**WHAT YOU WILL DO**
Type the entries out again exactly as they read, but leave every picture behind.

── PROVIDED DATA ──

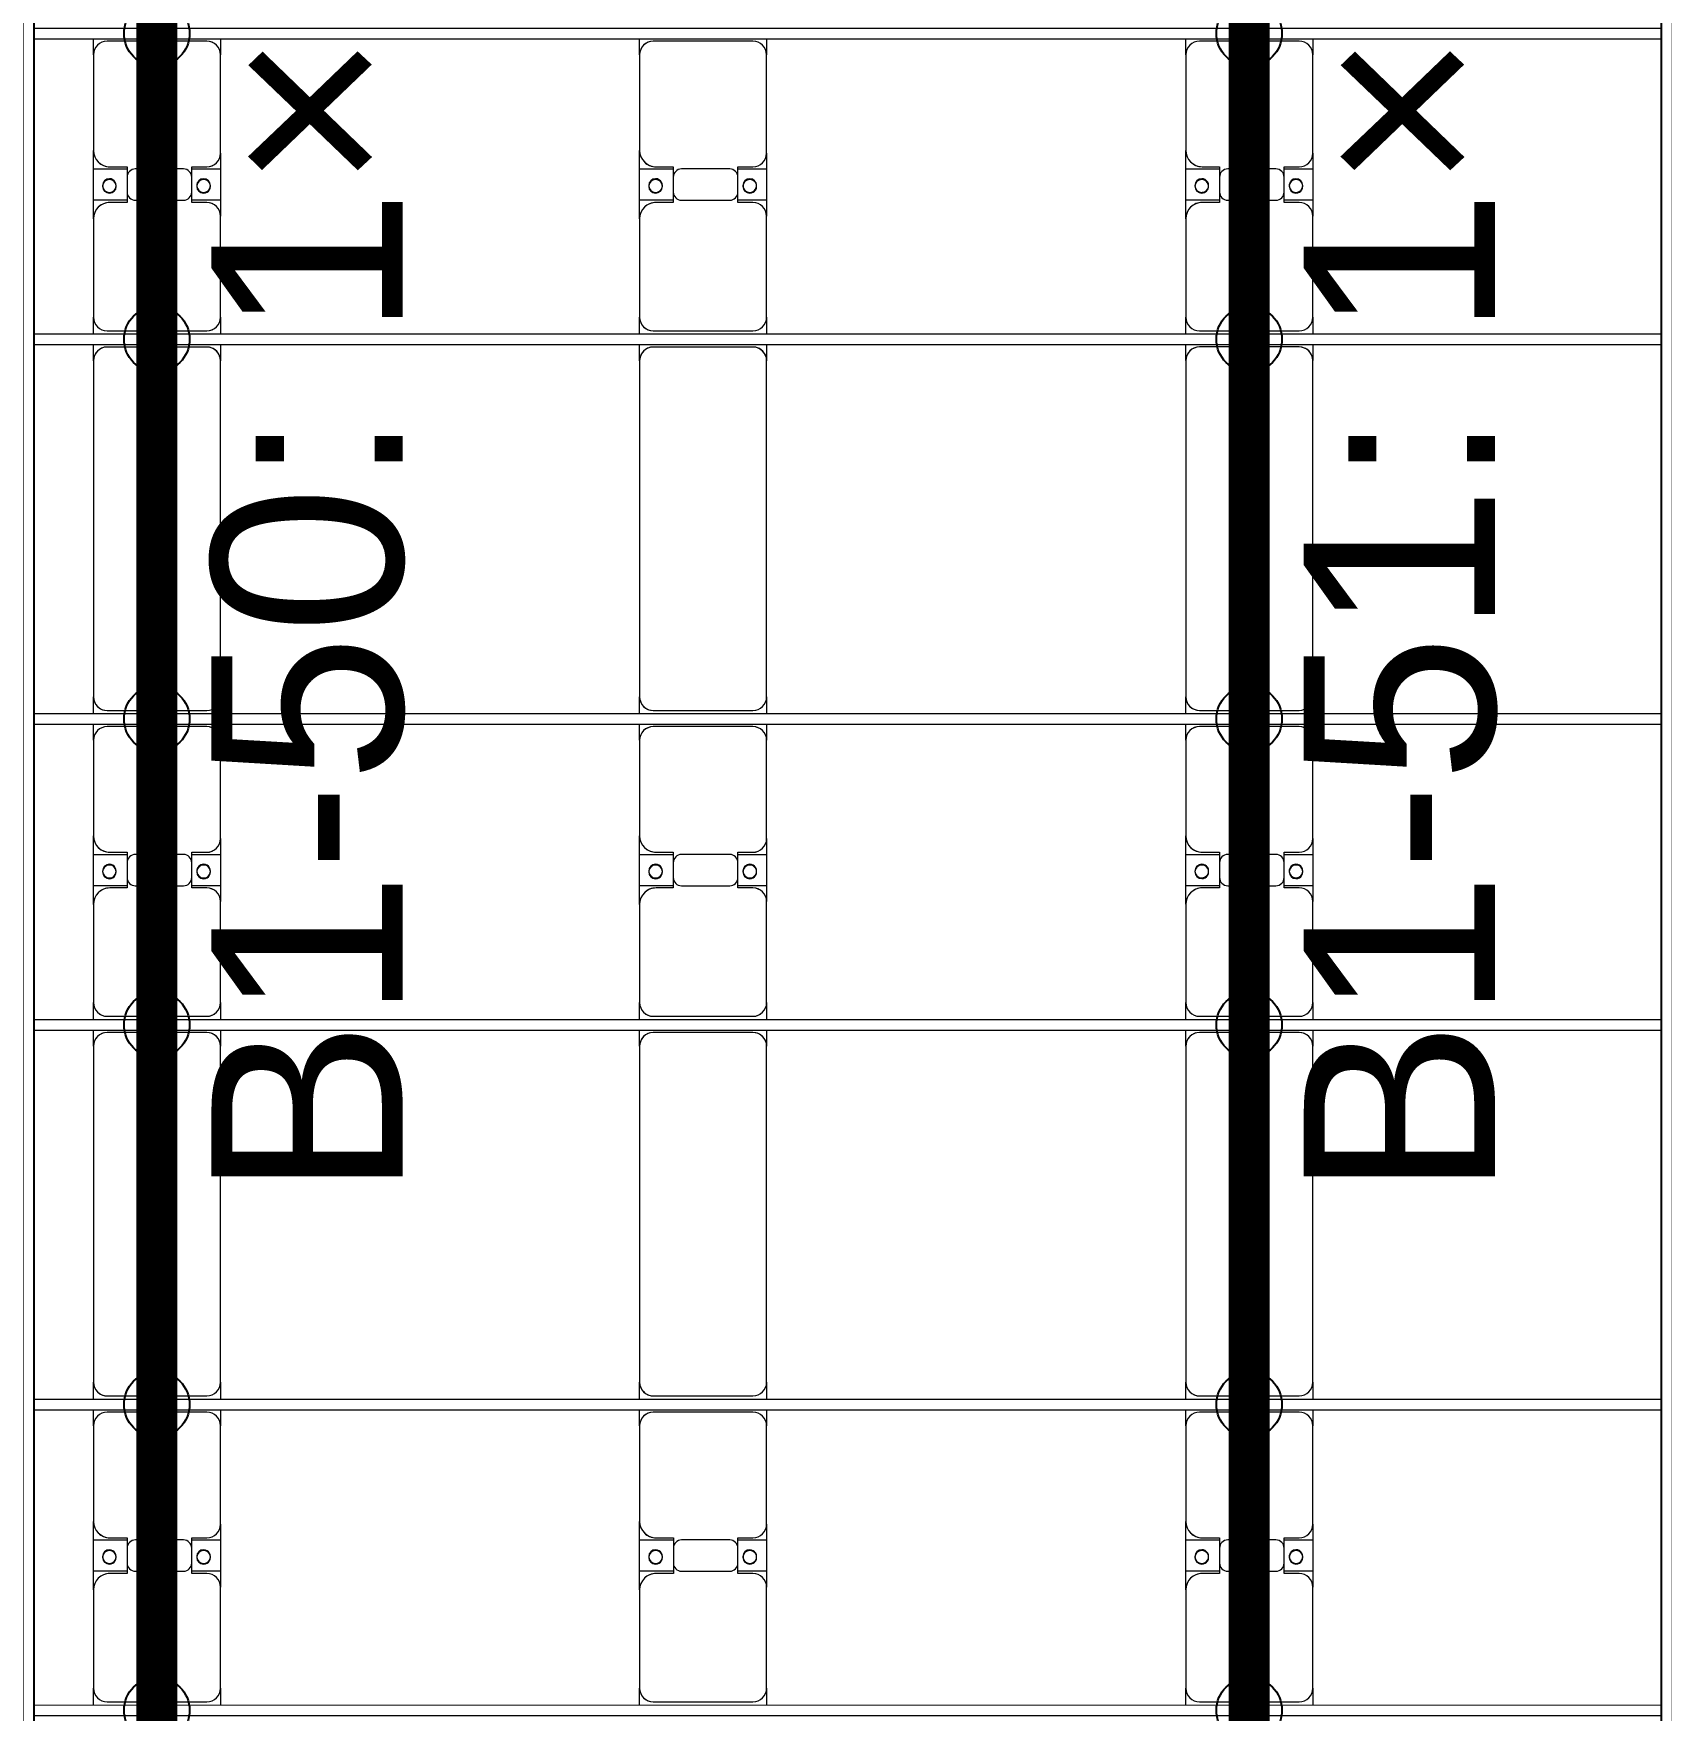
# Model space of a CAD drawing. Header units: millimetres. Extents: x -496478 to -186190, y -204059 to -87354.
# Drawn here: x -433193 to -427232, y -166194 to -160053 of the extents above; entities that cross this region are included whole.
import ezdxf

# ---------------------------------------------------------------- set-up
doc = ezdxf.new("R2010")
doc.units = ezdxf.units.MM
for name, color, linetype, lineweight in [('A-DETL-MBND', 5, 'Continuous', 9), ('A-GENM', 13, 'Continuous', 9), ('S-BEAM', 12, 'Continuous', 9)]:
    doc.layers.add(name, color=color, linetype=linetype, lineweight=lineweight)
doc.layers.add('GC-GHI CHU', color=2, linetype='Continuous')
doc.layers.add('GC-HOP 40x60 GIA CUONG', color=1, linetype='Continuous')
doc.styles.add('GC_VN', font='arial.ttf')

# ---------------------------------------------------------------- blocks, each defined once
blk = doc.blocks.new('Dai phao do pin - DẢI PHAO ĐỠ PIN-V4-BỐ TRÍ KHUNG KẾT CẤU BÈ PIN 01')
at = {"layer": 'A-DETL-MBND', "color": 8}
for p, q in [((708, 241.6), (769.7, 241.6)), ((719.7, 191.6), (719.7, -173.4)), ((1129.7, 241.6), (769.7, 241.6)), ((1129.7, 241.6), (1312.2, 241.6)), ((1197.8, 241.6), (1380.3, 241.6)), ((1197.8, 118.2), (1197.8, 241.6)), ((1312.2, 241.6), (1312.2, 118.2)), ((1730.3, 241.6), (1380.3, 241.6)), ((1730.3, 241.6), (1788, 241.6)), ((1780.3, -173.4), (1780.3, 191.6)), ((1828, 241.6), (1889.7, 241.6)), ((1839.7, 191.6), (1839.7, -173.4)), ((3120.3, 241.6), (1889.7, 241.6)), ((3120.3, 241.6), (3178, 241.6)), ((3170.3, -173.4), (3170.3, 191.6)), ((3218, 241.6), (3279.7, 241.6)), ((3229.7, 191.6), (3229.7, -173.4)), ((3639.7, 241.6), (3279.7, 241.6)), ((3639.7, 241.6), (3822.2, 241.6)), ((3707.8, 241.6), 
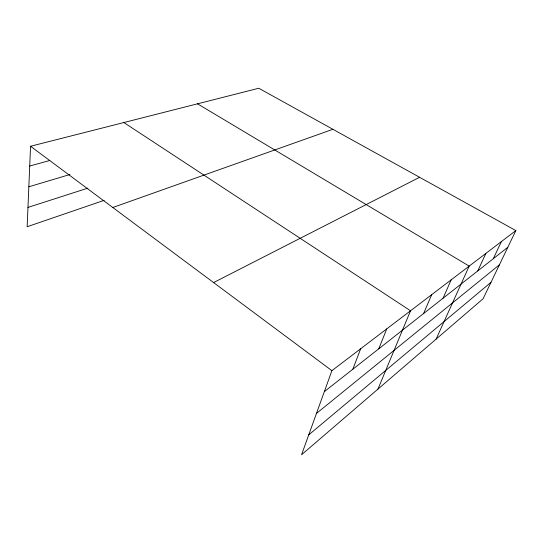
<?xml version="1.0" encoding="UTF-8"?>
<svg xmlns="http://www.w3.org/2000/svg" width="543" height="543" viewBox="0 0 543 543"><rect width="100%" height="100%" fill="white"/><g stroke="black" fill="none" stroke-linecap="round" stroke-linejoin="round"><path stroke-width="0.81" d="M515.85 230.578L331.902 370.659L301.562 454.749L483.1 298.752L515.85 230.578L258.773 88.251L30.551 146.257L27.15 226.736L104.208 200.319M352.848 369.213L360.654 348.762M378.783 348.803L386.745 328.888M377.962 389.1L410.535 310.772L123.858 122.542M423.581 313.555L431.699 294.659M443.047 298.236L451.185 279.821M436.117 339.124L469.193 266.104L197.516 103.822M477.779 270.909L485.883 253.398M493.329 258.672L501.399 241.581M308.736 434.875L491.008 282.299M316.467 413.44L499.411 264.801M324.327 391.652L507.841 247.255M213.596 282.564L419.583 177.283M112.795 207.501L332.913 129.295M27.965 207.412L87.925 188.129M28.84 186.785L69.966 174.493M29.716 166.043L49.793 160.497M30.551 146.257L331.902 370.659"/></g></svg>

───

**THE COMPLETED TASK**
# Model space of a CAD drawing. Header units: millimetres. Extents: x -496478 to -186190, y -204059 to -87354.
# Drawn here: x -433193 to -427232, y -166194 to -160053 of the extents above; entities that cross this region are included whole.
import ezdxf

# ---------------------------------------------------------------- set-up
doc = ezdxf.new("R2010")
doc.units = ezdxf.units.MM
for name, color, linetype, lineweight in [('A-DETL-MBND', 5, 'Continuous', 9), ('A-GENM', 13, 'Continuous', 9), ('S-BEAM', 12, 'Continuous', 9)]:
    doc.layers.add(name, color=color, linetype=linetype, lineweight=lineweight)
doc.layers.add('GC-GHI CHU', color=2, linetype='Continuous')
doc.layers.add('GC-HOP 40x60 GIA CUONG', color=1, linetype='Continuous')
doc.styles.add('GC_VN', font='arial.ttf')

# ---------------------------------------------------------------- blocks, each defined once
blk = doc.blocks.new('Dai phao do pin - DẢI PHAO ĐỠ PIN-V4-BỐ TRÍ KHUNG KẾT CẤU BÈ PIN 01')
at = {"layer": 'A-DETL-MBND', "color": 8}
for p, q in [((708, 241.6), (769.7, 241.6)), ((719.7, 191.6), (719.7, -173.4)), ((1129.7, 241.6), (769.7, 241.6)), ((1129.7, 241.6), (1312.2, 241.6)), ((1197.8, 241.6), (1380.3, 241.6)), ((1197.8, 118.2), (1197.8, 241.6)), ((1312.2, 241.6), (1312.2, 118.2)), ((1730.3, 241.6), (1380.3, 241.6)), ((1730.3, 241.6), (1788, 241.6)), ((1780.3, -173.4), (1780.3, 191.6)), ((1828, 241.6), (1889.7, 241.6)), ((1839.7, 191.6), (1839.7, -173.4)), ((3120.3, 241.6), (1889.7, 241.6)), ((3120.3, 241.6), (3178, 241.6)), ((3170.3, -173.4), (3170.3, 191.6)), ((3218, 241.6), (3279.7, 241.6)), ((3229.7, 191.6), (3229.7, -173.4)), ((3639.7, 241.6), (3279.7, 241.6)), ((3639.7, 241.6), (3822.2, 241.6)), ((3707.8, 241.6), 
<?xml version="1.0" encoding="UTF-8"?>
<svg xmlns="http://www.w3.org/2000/svg" width="543" height="543" viewBox="0 0 543 543"><rect width="100%" height="100%" fill="white"/><g stroke="black" fill="none" stroke-linecap="round" stroke-linejoin="round"><path stroke-width="0.81" d="M515.85 230.578L331.902 370.659L301.562 454.749L483.1 298.752L515.85 230.578L258.773 88.251L30.551 146.257L27.15 226.736L104.208 200.319M352.848 369.213L360.654 348.762M378.783 348.803L386.745 328.888M377.962 389.1L410.535 310.772L123.858 122.542M423.581 313.555L431.699 294.659M443.047 298.236L451.185 279.821M436.117 339.124L469.193 266.104L197.516 103.822M477.779 270.909L485.883 253.398M493.329 258.672L501.399 241.581M308.736 434.875L491.008 282.299M316.467 413.44L499.411 264.801M324.327 391.652L507.841 247.255M213.596 282.564L419.583 177.283M112.795 207.501L332.913 129.295M27.965 207.412L87.925 188.129M28.84 186.785L69.966 174.493M29.716 166.043L49.793 160.497M30.551 146.257L331.902 370.659"/></g></svg>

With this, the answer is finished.